Stable Non-Linear Generalized Bayesian Joint Models for Survival-Longitudinal Data

Abstract

Joint models have received increasing attention during recent years with extensions into various directions; numerous hazard functions, different association structures, linear and non-linear longitudinal trajectories amongst others. Here, we present a partially linear joint model with a Bayesian smoothing spline component to capture non-linear longitudinal trajectories where the longitudinal data can assume non-Gaussian distributions. Our approach is stable with regards to the knot set as opposed to most well-known spline models. We implement this method using the R-INLA package and show that most joint models with shared Gaussian random effects are part of the class of latent Gaussian models (LGMs). We present an illustrative example to show the use of the stable partially linear joint model and an application to real data using a skew-normal partially linear joint model. This paves the way for efficient implementation of joint models with various complex model components using the same methodology and computational platform.

Appendix

1.1 Computational considerations for joint models in using INLA

The likelihood of a joint model b asically consists of two types of likelihoods and this can be facilitated in the INLA framework. It is essential to construct the response matrix and the covariate matrices correctly for the estimation procedure. For the purpose of this paper, we will present only the case where the joint model consists of longitudinal and survival submodels. This can be extended to include more marginal submodels in the case of multiple endpoint modeling.

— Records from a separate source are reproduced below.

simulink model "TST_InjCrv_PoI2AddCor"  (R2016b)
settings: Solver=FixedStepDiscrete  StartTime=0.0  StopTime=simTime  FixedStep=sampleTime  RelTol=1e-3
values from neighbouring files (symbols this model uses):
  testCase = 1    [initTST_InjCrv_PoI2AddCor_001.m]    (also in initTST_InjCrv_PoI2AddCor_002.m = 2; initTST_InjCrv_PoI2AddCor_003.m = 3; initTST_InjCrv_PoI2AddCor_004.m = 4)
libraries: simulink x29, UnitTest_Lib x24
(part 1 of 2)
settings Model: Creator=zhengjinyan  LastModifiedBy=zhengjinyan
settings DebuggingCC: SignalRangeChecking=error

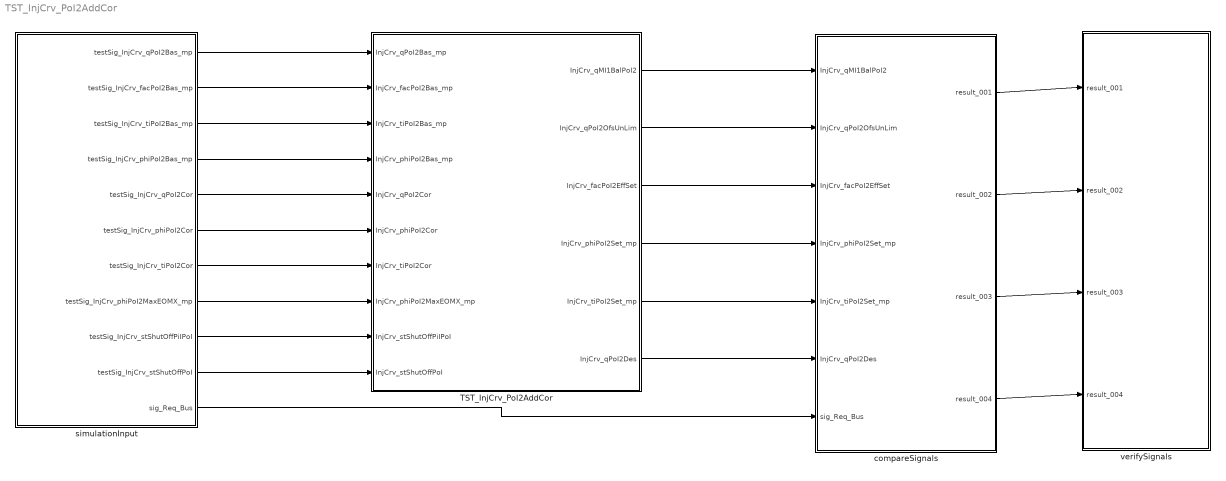
== system TST_InjCrv_PoI2AddCor ==
  TST_InjCrv_PoI2AddCor : Subsystem
  compareSignals : Subsystem
  simulationInput : Subsystem
  verifySignals : Subsystem
  wires:
  simulationInput/1(testSig_InjCrv_qPoI2Bas_mp) -> TST_InjCrv_PoI2AddCor/1(InjCrv_qPoI2Bas_mp)
  simulationInput/2(testSig_InjCrv_facPoI2Bas_mp) -> TST_InjCrv_PoI2AddCor/2(InjCrv_facPoI2Bas_mp)
  simulationInput/3(testSig_InjCrv_tiPoI2Bas_mp) -> TST_InjCrv_PoI2AddCor/3(InjCrv_tiPoI2Bas_mp)
  simulationInput/4(testSig_InjCrv_phiPoI2Bas_mp) -> TST_InjCrv_PoI2AddCor/4(InjCrv_phiPoI2Bas_mp)
  simulationInput/5(testSig_InjCrv_qPoI2Cor) -> TST_InjCrv_PoI2AddCor/5(InjCrv_qPoI2Cor)
  simulationInput/6(testSig_InjCrv_phiPoI2Cor) -> TST_InjCrv_PoI2AddCor/6(InjCrv_phiPoI2Cor)
  simulationInput/7(testSig_InjCrv_tiPoI2Cor) -> TST_InjCrv_PoI2AddCor/7(InjCrv_tiPoI2Cor)
  simulationInput/8(testSig_InjCrv_phiPoI2MaxEOMX_mp) -> TST_InjCrv_PoI2AddCor/8(InjCrv_phiPoI2MaxEOMX_mp)
  simulationInput/9(testSig_InjCrv_stShutOffPiIPoI) -> TST_InjCrv_PoI2AddCor/9(InjCrv_stShutOffPiIPoI)
  simulationInput/10(testSig_InjCrv_stShutOffPoI) -> TST_InjCrv_PoI2AddCor/10(InjCrv_stShutOffPoI)
  TST_InjCrv_PoI2AddCor/1(InjCrv_qMI1BalPoI2) -> compareSignals/1(InjCrv_qMI1BalPoI2)
  TST_InjCrv_PoI2AddCor/2(InjCrv_qPoI2OfsUnLim) -> compareSignals/2(InjCrv_qPoI2OfsUnLim)
  TST_InjCrv_PoI2AddCor/3(InjCrv_facPoI2EffSet) -> compareSignals/3(InjCrv_facPoI2EffSet)
  TST_InjCrv_PoI2AddCor/4(InjCrv_phiPoI2Set_mp) -> compareSignals/4(InjCrv_phiPoI2Set_mp)
  TST_InjCrv_PoI2AddCor/5(InjCrv_tiPoI2Set_mp) -> compareSignals/5(InjCrv_tiPoI2Set_mp)
  TST_InjCrv_PoI2AddCor/6(InjCrv_qPoI2Des) -> compareSignals/6(InjCrv_qPoI2Des)
  simulationInput/11(sig_Req_Bus) -> compareSignals/7(sig_Req_Bus)
  compareSignals/1(result_001) -> verifySignals/1(result_001)
  compareSignals/2(result_002) -> verifySignals/2(result_002)
  compareSignals/3(result_003) -> verifySignals/3(result_003)
  compareSignals/4(result_004) -> verifySignals/4(result_004)

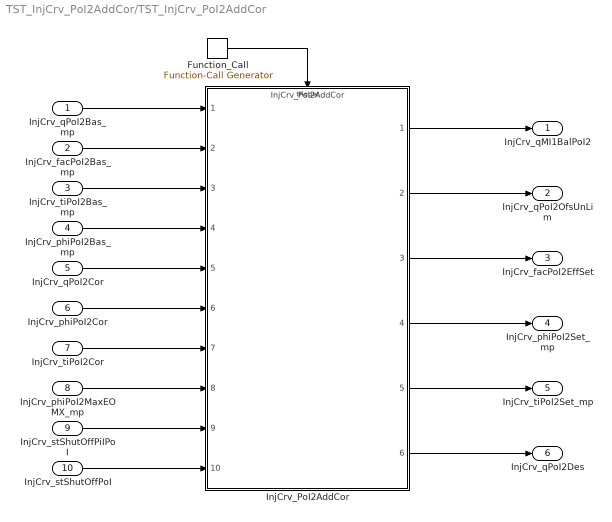
== system TST_InjCrv_PoI2AddCor/TST_InjCrv_PoI2AddCor ==
  InjCrv_qPoI2Bas_mp : Inport
  InjCrv_facPoI2Bas_mp : Inport  Port=2
  InjCrv_tiPoI2Bas_mp : Inport  Port=3
  InjCrv_phiPoI2Bas_mp : Inport  Port=4
  InjCrv_qPoI2Cor : Inport  Port=5
  InjCrv_phiPoI2Cor : Inport  Port=6
  InjCrv_tiPoI2Cor : Inport  Port=7
  InjCrv_phiPoI2MaxEOMX_mp : Inport  Port=8
  InjCrv_stShutOffPiIPoI : Inport  Port=9
  InjCrv_stShutOffPoI : Inport  Port=10
  Function_Call : simulink/Ports & Subsystems/Function-Call Generator  sample_time=sampleTime  numberOfIterations=1
  InjCrv_PoI2AddCor : ModelReference  ModelNameDialog=InjCrv_PoI2AddCor  SimulationMode=Normal  ModelReferenceVersion=1.19  TriggerPortName=function  TriggerPortTriggerType=function-call  TriggerPortStatesWhenEnabling=held
  InjCrv_qMI1BalPoI2 : Outport
  InjCrv_qPoI2OfsUnLim : Outport  Port=2
  InjCrv_facPoI2EffSet : Outport  Port=3
  InjCrv_phiPoI2Set_mp : Outport  Port=4
  InjCrv_tiPoI2Set_mp : Outport  Port=5
  InjCrv_qPoI2Des : Outport  Port=6
  wires:
  Function_Call/1 -> InjCrv_PoI2AddCor/Trigger
  InjCrv_qPoI2Bas_mp/1 -> InjCrv_PoI2AddCor/1
  InjCrv_facPoI2Bas_mp/1 -> InjCrv_PoI2AddCor/2
  InjCrv_tiPoI2Bas_mp/1 -> InjCrv_PoI2AddCor/3
  InjCrv_phiPoI2Bas_mp/1 -> InjCrv_PoI2AddCor/4
  InjCrv_qPoI2Cor/1 -> InjCrv_PoI2AddCor/5
  InjCrv_phiPoI2Cor/1 -> InjCrv_PoI2AddCor/6
  InjCrv_tiPoI2Cor/1 -> InjCrv_PoI2AddCor/7
  InjCrv_phiPoI2MaxEOMX_mp/1 -> InjCrv_PoI2AddCor/8
  InjCrv_stShutOffPiIPoI/1 -> InjCrv_PoI2AddCor/9
  InjCrv_stShutOffPoI/1 -> InjCrv_PoI2AddCor/10
  InjCrv_PoI2AddCor/1 -> InjCrv_qMI1BalPoI2/1
  InjCrv_PoI2AddCor/2 -> InjCrv_qPoI2OfsUnLim/1
  InjCrv_PoI2AddCor/3 -> InjCrv_facPoI2EffSet/1
  InjCrv_PoI2AddCor/4 -> InjCrv_phiPoI2Set_mp/1
  InjCrv_PoI2AddCor/5 -> InjCrv_tiPoI2Set_mp/1
  InjCrv_PoI2AddCor/6 -> InjCrv_qPoI2Des/1

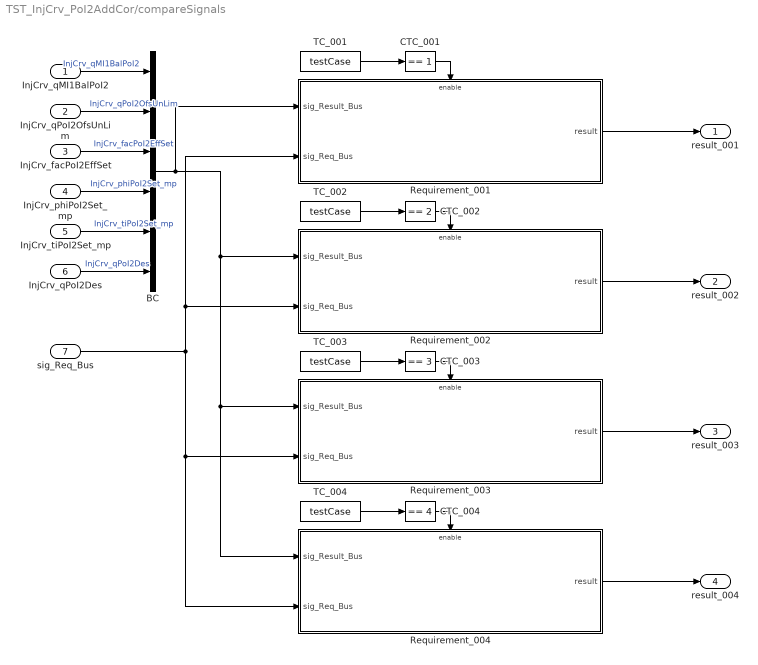
== system TST_InjCrv_PoI2AddCor/compareSignals ==
  InjCrv_qMI1BalPoI2 : Inport
  InjCrv_qPoI2OfsUnLim : Inport  Port=2
  InjCrv_facPoI2EffSet : Inport  Port=3
  InjCrv_phiPoI2Set_mp : Inport  Port=4
  InjCrv_tiPoI2Set_mp : Inport  Port=5
  InjCrv_qPoI2Des : Inport  Port=6
  sig_Req_Bus : Inport  Port=7
  BC : BusCreator  Inputs=6
  CTC_001 : simulink/Logic and Bit Operations/Compare To Constant  relop===  const=1  OutDataTypeStr=boolean
  CTC_002 : simulink/Logic and Bit Operations/Compare To Constant  relop===  const=2  OutDataTypeStr=boolean
  CTC_003 : simulink/Logic and Bit Operations/Compare To Constant  relop===  const=3  OutDataTypeStr=boolean
  CTC_004 : simulink/Logic and Bit Operations/Compare To Constant  relop===  const=4  OutDataTypeStr=boolean
  Requirement_001 : Subsystem
  Requirement_002 : Subsystem
  Requirement_003 : Subsystem
  Requirement_004 : Subsystem
  TC_001 : Constant  Value=testCase
  TC_002 : Constant  Value=testCase
  TC_003 : Constant  Value=testCase
  TC_004 : Constant  Value=testCase
  result_001 : Outport
  result_002 : Outport  Port=2
  result_003 : Outport  Port=3
  result_004 : Outport  Port=4
  wires:
  InjCrv_qMI1BalPoI2/1 -> BC/1  "InjCrv_qMI1BalPoI2"
  InjCrv_qPoI2OfsUnLim/1 -> BC/2  "InjCrv_qPoI2OfsUnLim"
  InjCrv_facPoI2EffSet/1 -> BC/3  "InjCrv_facPoI2EffSet"
  InjCrv_phiPoI2Set_mp/1 -> BC/4  "InjCrv_phiPoI2Set_mp"
  InjCrv_tiPoI2Set_mp/1 -> BC/5  "InjCrv_tiPoI2Set_mp"
  InjCrv_qPoI2Des/1 -> BC/6  "InjCrv_qPoI2Des"
  TC_001/1 -> CTC_001/1
  CTC_001/1 -> Requirement_001/Enable
  sig_Req_Bus/1 -> Requirement_003/2(sig_Req_Bus), Requirement_004/2(sig_Req_Bus), Requirement_001/2(sig_Req_Bus), Requirement_002/2(sig_Req_Bus)
  BC/1 -> Requirement_003/1(sig_Result_Bus), Requirement_004/1(sig_Result_Bus), Requirement_002/1(sig_Result_Bus), Requirement_001/1(sig_Result_Bus)
  Requirement_001/1(result) -> result_001/1
  TC_002/1 -> CTC_002/1
  CTC_002/1 -> Requirement_002/Enable
  Requirement_002/1(result) -> result_002/1
  TC_003/1 -> CTC_003/1
  CTC_003/1 -> Requirement_003/Enable
  Requirement_003/1(result) -> result_003/1
  TC_004/1 -> CTC_004/1
  CTC_004/1 -> Requirement_004/Enable
  Requirement_004/1(result) -> result_004/1

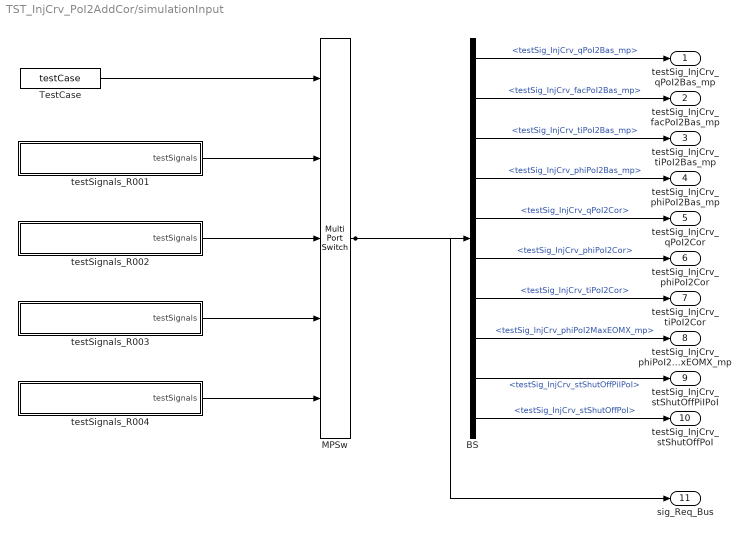
== system TST_InjCrv_PoI2AddCor/simulationInput ==
  BS : BusSelector  OutputSignals=testSig_InjCrv_qPoI2Bas_mp,testSig_InjCrv_facPoI2Bas_mp,testSig_InjCrv_tiPoI2Bas_mp,testSig_InjCrv_phiPoI2Bas_mp,testSig_InjCrv_qPoI2Cor,testSig_InjCrv_phiPoI2Cor,testSig_InjCrv_tiPoI2Cor,testSig_InjCrv_phiPoI2MaxEOMX_mp,testSig_InjCrv_stShutOffPiIPoI,testSig_InjCrv_stShutOffPoI
  MPSw : MultiPortSwitch  Inputs=4  SaturateOnIntegerOverflow=on  InputSameDT=on
  TestCase : Constant  Value=testCase
  testSignals_R001 : Subsystem
  testSignals_R002 : Subsystem
  testSignals_R003 : Subsystem
  testSignals_R004 : Subsystem
  testSig_InjCrv_qPoI2Bas_mp : Outport
  testSig_InjCrv_facPoI2Bas_mp : Outport  Port=2
  testSig_InjCrv_tiPoI2Bas_mp : Outport  Port=3
  testSig_InjCrv_phiPoI2Bas_mp : Outport  Port=4
  testSig_InjCrv_qPoI2Cor : Outport  Port=5
  testSig_InjCrv_phiPoI2Cor : Outport  Port=6
  testSig_InjCrv_tiPoI2Cor : Outport  Port=7
  testSig_InjCrv_phiPoI2MaxEOMX_mp : Outport  Port=8
  testSig_InjCrv_stShutOffPiIPoI : Outport  Port=9
  testSig_InjCrv_stShutOffPoI : Outport  Port=10
  sig_Req_Bus : Outport  Port=11
  wires:
  BS/1 -> testSig_InjCrv_qPoI2Bas_mp/1  "<testSig_InjCrv_qPoI2Bas_mp>"
  BS/2 -> testSig_InjCrv_facPoI2Bas_mp/1  "<testSig_InjCrv_facPoI2Bas_mp>"
  BS/3 -> testSig_InjCrv_tiPoI2Bas_mp/1  "<testSig_InjCrv_tiPoI2Bas_mp>"
  BS/4 -> testSig_InjCrv_phiPoI2Bas_mp/1  "<testSig_InjCrv_phiPoI2Bas_mp>"
  BS/5 -> testSig_InjCrv_qPoI2Cor/1  "<testSig_InjCrv_qPoI2Cor>"
  BS/6 -> testSig_InjCrv_phiPoI2Cor/1  "<testSig_InjCrv_phiPoI2Cor>"
  BS/7 -> testSig_InjCrv_tiPoI2Cor/1  "<testSig_InjCrv_tiPoI2Cor>"
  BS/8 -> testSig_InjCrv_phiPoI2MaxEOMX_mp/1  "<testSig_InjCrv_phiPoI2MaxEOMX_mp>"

Within the context of this paper, consider the following structured predictors of the longitudinal and survival submodels, respectively:

$$ \begin{array}{@{}rcl@{}} \eta^{L}_{ijk}&=&\alpha(t_{ijk})+\boldsymbol{\beta}^{T}\boldsymbol{X}_{ijk}+w_{ij}+v_{ij}t_{ijk}\\ {\eta^{S}_{l}}(s)&=&\boldsymbol{\gamma}^{T}\boldsymbol{Z}_{l}+f(w_{l},v_{l}s). \end{array} $$

(A.1)

Consider the case where the data consists of N_i,i = 1,...,N observations for each of the N individuals, so that in total there are N_L longitudinal observations and correspondingly N_S = N event times and censoring indicators (s_i,c_i),i = 1,...,N. The data is then composed as a list in which each variable consists of N_L + N_S elements. To achieve this, we include zeros for fixed effects if the covariate is not included in that specific submodel and NA’s for the random effects. In the case of Eq. A.1, the new response is defined as a list of the y_ijk and (s_i,c_i). The fixed effect covariates are constructed as \((\boldsymbol {X},\boldsymbol {0}_{1,...,N_{S}})\) and \((\boldsymbol {0}_{1,...,N_{L}},\boldsymbol {Z})\) while the random effects are constructed as \((\boldsymbol {\alpha },\boldsymbol {NA}_{1,...,N_{S}})\).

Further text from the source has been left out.